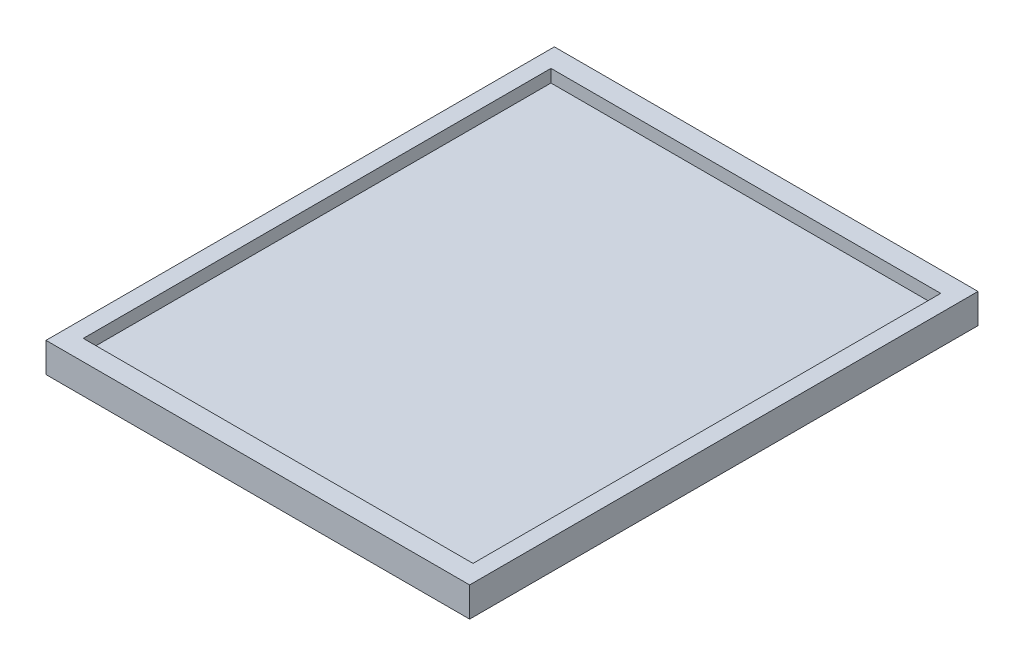
from build123d import *

# Parameters (mm, degrees)
ESBO_O1_W                = 100
ESBO_O1_H                = 120
RESSALTO_EXTRUS_O1_DEPTH = 4
ESBO_O3_W                = 100
ESBO_O3_H                = 120
ESBO_O3_W_2              = 92
ESBO_O3_H_2              = 110.4
RESSALTO_EXTRUS_O2_DEPTH = 7


with BuildPart() as part:
    # Esboço1 → Ressalto-extrusão1 (new body)
    with BuildSketch(Plane(origin=(0, 0, 0), x_dir=(1, 0, 0), z_dir=(0, 1, 0))):
        with Locations((50, 60)):
            Rectangle(ESBO_O1_W, ESBO_O1_H)
    extrude(amount=RESSALTO_EXTRUS_O1_DEPTH)

    # Esboço3 → Ressalto-extrusão2 (add)
    with BuildSketch(Plane(origin=(0, 0, 0), x_dir=(1, 0, 0), z_dir=(0, 1, 0))):
        with Locations((50, 60)):
            Rectangle(ESBO_O3_W, ESBO_O3_H)
        with Locations((50, 60)):
            Rectangle(ESBO_O3_W_2, ESBO_O3_H_2, mode=Mode.SUBTRACT)
    extrude(amount=RESSALTO_EXTRUS_O2_DEPTH)


solid = part.part

- _Required action_
Every record must be copied exactly, with images dropped from the result.

- _Result below_
from build123d import *

# Parameters (mm, degrees)
ESBO_O1_W                = 100
ESBO_O1_H                = 120
RESSALTO_EXTRUS_O1_DEPTH = 4
ESBO_O3_W                = 100
ESBO_O3_H                = 120
ESBO_O3_W_2              = 92
ESBO_O3_H_2              = 110.4
RESSALTO_EXTRUS_O2_DEPTH = 7


with BuildPart() as part:
    # Esboço1 → Ressalto-extrusão1 (new body)
    with BuildSketch(Plane(origin=(0, 0, 0), x_dir=(1, 0, 0), z_dir=(0, 1, 0))):
        with Locations((50, 60)):
            Rectangle(ESBO_O1_W, ESBO_O1_H)
    extrude(amount=RESSALTO_EXTRUS_O1_DEPTH)

    # Esboço3 → Ressalto-extrusão2 (add)
    with BuildSketch(Plane(origin=(0, 0, 0), x_dir=(1, 0, 0), z_dir=(0, 1, 0))):
        with Locations((50, 60)):
            Rectangle(ESBO_O3_W, ESBO_O3_H)
        with Locations((50, 60)):
            Rectangle(ESBO_O3_W_2, ESBO_O3_H_2, mode=Mode.SUBTRACT)
    extrude(amount=RESSALTO_EXTRUS_O2_DEPTH)


solid = part.part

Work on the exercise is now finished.